Please return, exactly and only, the lines beginning at the top of the entries below and ending with the line containing "184)], close=True, dxfattribs=at)"; keep out the pictures.

(Collected data entries)
══════════════════════════════

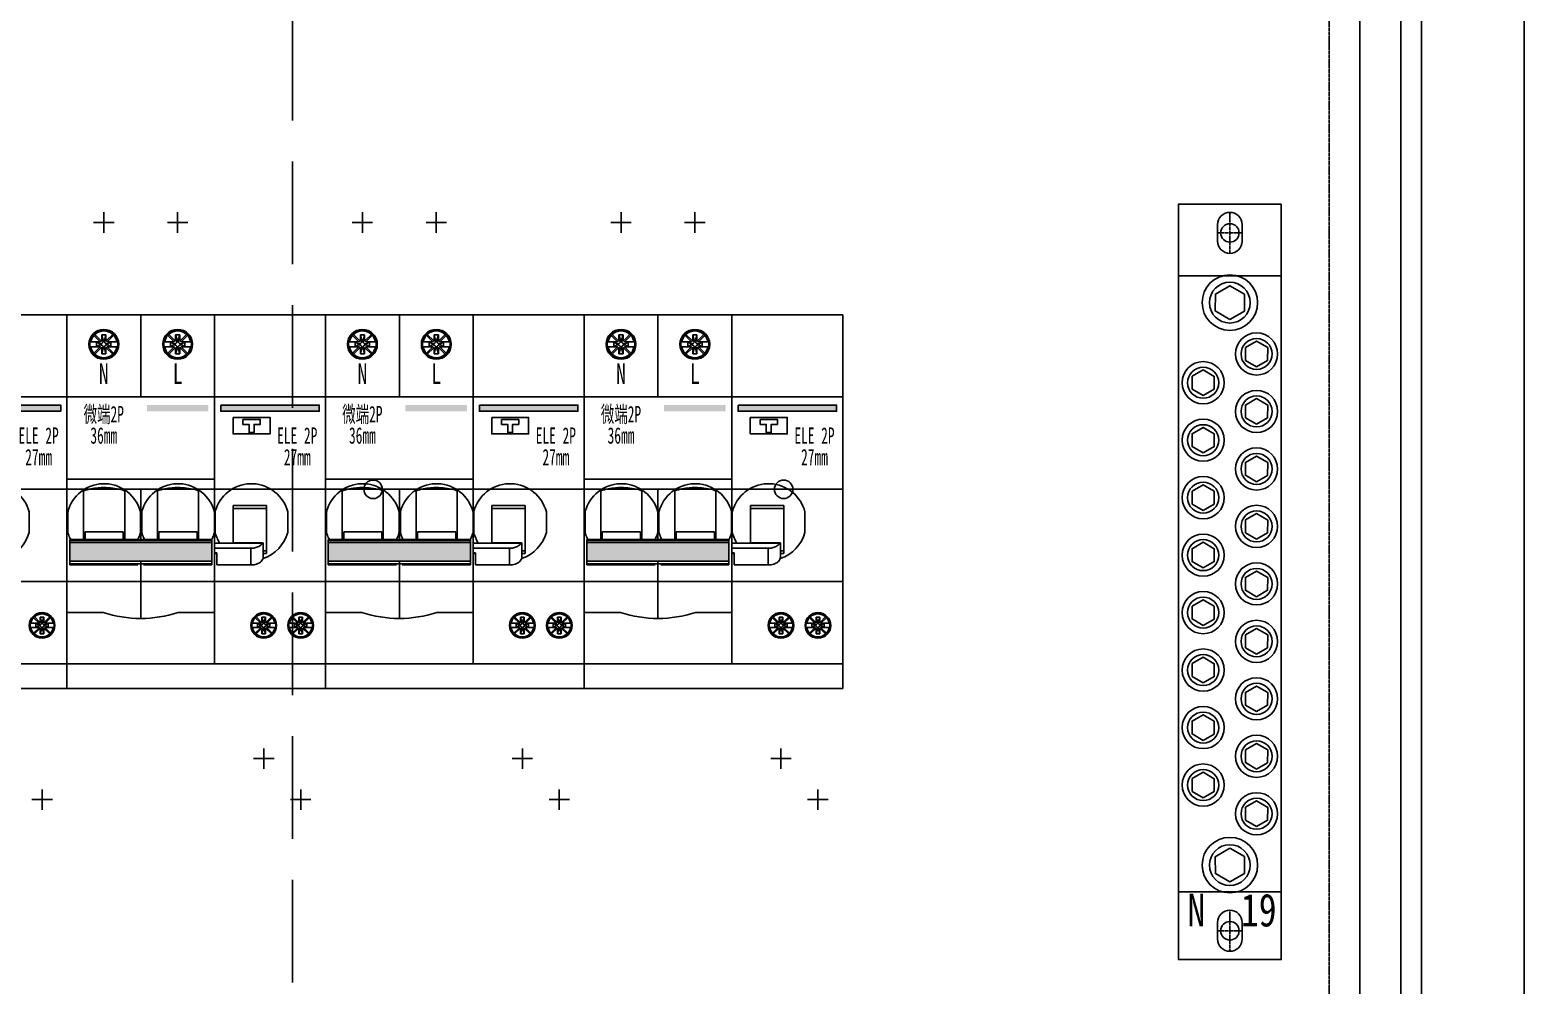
# Model space of a CAD drawing. Extents: x 1413553 to 1414153, y 431674 to 432674.
# Drawn here: x 1413788.6 to 1414152.6, y 431913 to 432145.7 of the extents above; entities that cross this region are included whole.
import ezdxf
from ezdxf.enums import TextEntityAlignment as Align

# ---------------------------------------------------------------- set-up
doc = ezdxf.new("R2010")
doc.units = 0
doc.header["$MEASUREMENT"] = 0
doc.linetypes.add('DASH', pattern=[0.35, 0.25, -0.1])
doc.linetypes.add('LYJS-XX', pattern=[0.35, 0.25, -0.1])
for name, color, linetype in [('LY-JS-BJ', 7, 'Continuous'), ('LY-JS-YQJ', 7, 'Continuous'), ('布置图', 20, 'Continuous')]:
    doc.layers.add(name, color=color, linetype=linetype)
doc.styles.add('-宋体', font='', dxfattribs={"width": 0.65})
doc.styles.add('LY-SJ-元器件', font='', dxfattribs={"width": 0.6, "height": 4})
doc.styles.get('-宋体').set_extended_font_data('NSimSun')
doc.styles.get('LY-SJ-元器件').set_extended_font_data('SimSun')

# ---------------------------------------------------------------- blocks, each defined once
blk = doc.blocks.new('A$C7F2E4CF4')
at = {"layer": 'LY-JS-YQJ', "color": 1, "linetype": 'DASH'}
for p, q in [((0, 5), (0, -5)), ((-3, 0), (3, 0))]:
    blk.add_line(p, q, dxfattribs=at)
at = {"layer": 'LY-JS-YQJ', "color": 0, "linetype": 'ByBlock'}
blk.add_lwpolyline([(0, 5), (0, 5, -0.414214), (3, 2), (3, -2, -0.414214), (0, -5), (0, -5, -0.414214), (-3, -2), (-3, 2, -0.414214)], format="xyb", close=True, dxfattribs=at)
blk = doc.blocks.new('19位零排2021')
at = {"layer": 'LY-JS-YQJ', "color": 2, "linetype": 'ByBlock'}
blk.add_lwpolyline([(25, 184), (25, 0), (0, 0), (0, 184)], close=True, dxfattribs=at)
for points in [[(0, 166.5), (25, 166.5)], [(25, 16.5), (0, 16.5)]]:
    blk.add_lwpolyline(points, dxfattribs=at)
at = {"layer": 'LY-JS-YQJ', "color": 3}
for points in [[(12.49, 155.91), (8.94, 157.97), (8.96, 162.07), (12.51, 164.1), (16.06, 162.04), (16.04, 157.94)], [(18.99, 144.38), (16.29, 145.95), (16.3, 149.07), (19.01, 150.62), (21.71, 149.05), (21.7, 145.93)], [(5.99, 137.38), (3.29, 138.95), (3.3, 142.07), (6.01, 143.62), (8.71, 142.05), (8.7, 138.93)], [(18.99, 130.38), (16.29, 131.95), (16.3, 135.07), (19.01, 136.62), (21.71, 135.05), (21.7, 131.93)], [(5.99, 123.38), (3.29, 124.95), (3.3, 128.07), (6.01, 129.62), (8.71, 128.05), (8.7, 124.93)], [(18.99, 116.38), (16.29, 117.95), (16.3, 121.07), (19.01, 122.62), (21.71, 121.05), (21.7, 117.93)], [(5.99, 109.38), (3.29, 110.95), (3.3, 114.07), (6.01, 115.62), (8.71, 114.05), (8.7, 110.93)], [(18.99, 102.38), (16.29, 103.95), (16.3, 107.07), (19.01, 108.62), (21.71, 107.05), (21.7, 103.93)], [(5.99, 95.38), (3.29, 96.95), (3.3, 100.07), (6.01, 101.62), (8.71, 100.05), (8.7, 96.93)], [(18.99, 88.38), (16.29, 89.95), (16.3, 93.07), (19.01, 94.62), (21.71, 93.05), (21.7, 89.93)], [(5.99, 81.38), (3.29, 82.95), (3.3, 86.07), (6.01, 87.62), (8.71, 86.05), (8.7, 82.93)], [(18.99, 74.38), (16.29, 75.95), (16.3, 79.07), (19.01, 80.62), (21.71, 79.05), (21.7, 75.93)], [(5.99, 67.38), (3.29, 68.95), (3.3, 72.07), (6.01, 73.62), (8.71, 72.05), (8.7, 68.93)], [(18.99, 60.38), (16.29, 61.95), (16.3, 65.07), (19.01, 66.62), (21.71, 65.05), (21.7, 61.93)], [(5.99, 53.38), (3.29, 54.95), (3.3, 58.07), (6.01, 59.62), (8.71, 58.05), (8.7, 54.93)], [(18.99, 46.38), (16.29, 47.95), (16.3, 51.07), (19.01, 52.62), (21.71, 51.05), (21.7, 47.93)], [(5.99, 39.38), (3.29, 40.95), (3.3, 44.07), (6.01, 45.62), (8.71, 44.05), (8.7, 40.93)], [(18.99, 32.38), (16.29, 33.95), (16.3, 37.07), (19.01, 38.62), (21.71, 37.05), (21.7, 33.93)], [(12.49, 27.09), (8.94, 25.03), (8.96, 20.93), (12.51, 18.9), (16.06, 20.96), (16.04, 25.06)]]:
    blk.add_lwpolyline(points, close=True, dxfattribs=at)
for centre, radius in [((12.5, 160.01), 6.76), ((12.5, 160.01), 4.97), ((19, 147.5), 5.14), ((19, 147.5), 3.78), ((6, 140.5), 5.14), ((6, 140.5), 3.78), ((19, 133.5), 5.14), ((19, 133.5), 3.78), ((6, 126.5), 5.14), ((6, 126.5), 3.78), ((19, 119.5), 5.14), ((19, 119.5), 3.78), ((6, 112.5), 5.14), ((6, 112.5), 3.78), ((19, 105.5), 5.14), ((19, 105.5), 3.78), ((6, 98.5), 5.14), ((6, 98.5), 3.78), ((19, 91.5), 5.14), ((19, 91.5), 3.78), ((6, 84.5), 5.14), ((6, 84.5), 3.78), ((19, 77.5), 5.14), ((19, 77.5), 3.78), ((6, 70.5), 5.14), ((6, 70.5), 3.78), ((19, 63.5), 5.14), ((19, 63.5), 3.78), ((6, 56.5), 5.14), ((6, 56.5), 3.78), ((19, 49.5), 5.14), ((19, 49.5), 3.78), ((6, 42.5), 5.14), ((6, 42.5), 3.78), ((19, 35.5), 5.14), ((19, 35.5), 3.78), ((12.5, 22.99), 6.76), ((12.5, 22.99), 4.97)]:
    blk.add_circle(centre, radius, dxfattribs=at)
at = {"layer": 'LY-JS-YQJ', "color": 0}
for p in [(12.5, 177), (12.5, 7)]:
    blk.add_blockref('A$C7F2E4CF4', p, dxfattribs=at)
at = {"layer": 'LY-JS-YQJ', "color": 1, "style": '-宋体', "width": 0.8}
blk.add_text('N', height=8, dxfattribs=at).set_placement((2.16, 8.05))
at = {"layer": 'LY-JS-YQJ', "color": 4, "style": '-宋体', "width": 0.8}
blk.add_text('19', height=8, dxfattribs=at).set_placement((15.18, 8.05))
blk = doc.blocks.new('微端2P+ELE-63mm-2022.1')
h = blk.add_hatch(color=3)
h.dxf.hatch_style = 1
h.paths.add_polyline_path([(34.5, 19), (34.5, 20.5), (19.5, 20.5), (19.5, 19)])
h = blk.add_hatch(color=3)
h.dxf.hatch_style = 1
h.paths.add_polyline_path([(61.5, 19), (61.5, 20.5), (37.5, 20.5), (37.5, 19)])
h = blk.add_hatch(color=0)
h.dxf.hatch_style = 1
h.paths.add_polyline_path([(0.7, -12.97), (0.7, -17.47), (35.3, -17.47), (35.3, -12.97)])
at = {"color": 1}
for p, q in [((9, 67.5), (9, 62.5)), ((27, 67.5), (27, 62.5)), ((6.5, 65), (11.5, 65)), ((24.5, 65), (29.5, 65)), ((0, 0), (63, 0))]:
    blk.add_line(p, q, dxfattribs=at)
at = {"color": 0}
for p, q in [((0, 42.5), (36, 42.5)), ((0, -42.5), (0, 42.5)), ((18, 42.5), (18, 22.5)), ((36, 42.5), (36, -42.5)), ((63, -42.5), (63, 42.5)), ((0, 22.5), (36, 22.5)), ((36, 2.5), (0, 2.5)), ((18, 0), (18, -12.22)), ((18, -17.47), (18, -31.46)), ((48.65, -15.61), (47.85, -15.61)), ((36, -22.5), (0, -22.5)), ((0, -42.5), (0, -48.5)), ((36, -42.5), (0, -42.5)), ((63, -42.5), (63, -48.5)), ((0, -48.5), (63, -48.5))]:
    blk.add_line(p, q, dxfattribs=at)
at = {"color": 0, "linetype": 'Continuous', "lineweight": 25}
for p, q in [((6.7, 37.82), (6.49, 37.61)), ((6.49, 37.61), (6.6, 37.5)), ((6.6, 37.5), (8.15, 35.95)), ((6.81, 37.71), (6.7, 37.82)), ((8.39, 36.13), (6.81, 37.71)), ((9.5, 37.66), (8.5, 37.66)), ((8.5, 37.66), (8.5, 36.46)), ((8.5, 37.66), (8.85, 36.31)), ((8.5, 36.46), (8.85, 35.96)), ((9.5, 37.66), (9.15, 36.31)), ((9.5, 36.46), (9.15, 35.96)), ((9.5, 36.46), (9.5, 37.66)), ((11.19, 37.71), (9.61, 36.13)), ((9.85, 35.95), (11.4, 37.5)), ((11.3, 37.82), (11.19, 37.71)), ((11.51, 37.61), (11.3, 37.82)), ((11.4, 37.5), (11.51, 37.61)), ((24.7, 37.82), (24.49, 37.61)), ((24.49, 37.61), (24.6, 37.5)), ((24.6, 37.5), (26.15, 35.95)), ((24.81, 37.71), (24.7, 37.82)), ((26.39, 36.13), (24.81, 37.71)), ((26.5, 37.66), (26.5, 36.46)), ((26.5, 37.66), (26.85, 36.31)), ((27.5, 37.66), (26.5, 37.66)), ((26.5, 36.46), (26.85, 35.96)), ((27.5, 37.66), (27.15, 36.31)), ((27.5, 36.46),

══════════════════════════════

SOLUTION:
# Model space of a CAD drawing. Extents: x 1413553 to 1414153, y 431674 to 432674.
# Drawn here: x 1413788.6 to 1414152.6, y 431913 to 432145.7 of the extents above; entities that cross this region are included whole.
import ezdxf
from ezdxf.enums import TextEntityAlignment as Align

# ---------------------------------------------------------------- set-up
doc = ezdxf.new("R2010")
doc.units = 0
doc.header["$MEASUREMENT"] = 0
doc.linetypes.add('DASH', pattern=[0.35, 0.25, -0.1])
doc.linetypes.add('LYJS-XX', pattern=[0.35, 0.25, -0.1])
for name, color, linetype in [('LY-JS-BJ', 7, 'Continuous'), ('LY-JS-YQJ', 7, 'Continuous'), ('布置图', 20, 'Continuous')]:
    doc.layers.add(name, color=color, linetype=linetype)
doc.styles.add('-宋体', font='', dxfattribs={"width": 0.65})
doc.styles.add('LY-SJ-元器件', font='', dxfattribs={"width": 0.6, "height": 4})
doc.styles.get('-宋体').set_extended_font_data('NSimSun')
doc.styles.get('LY-SJ-元器件').set_extended_font_data('SimSun')

# ---------------------------------------------------------------- blocks, each defined once
blk = doc.blocks.new('A$C7F2E4CF4')
at = {"layer": 'LY-JS-YQJ', "color": 1, "linetype": 'DASH'}
for p, q in [((0, 5), (0, -5)), ((-3, 0), (3, 0))]:
    blk.add_line(p, q, dxfattribs=at)
at = {"layer": 'LY-JS-YQJ', "color": 0, "linetype": 'ByBlock'}
blk.add_lwpolyline([(0, 5), (0, 5, -0.414214), (3, 2), (3, -2, -0.414214), (0, -5), (0, -5, -0.414214), (-3, -2), (-3, 2, -0.414214)], format="xyb", close=True, dxfattribs=at)
blk = doc.blocks.new('19位零排2021')
at = {"layer": 'LY-JS-YQJ', "color": 2, "linetype": 'ByBlock'}
blk.add_lwpolyline([(25, 184), (25, 0), (0, 0), (0, 184)], close=True, dxfattribs=at)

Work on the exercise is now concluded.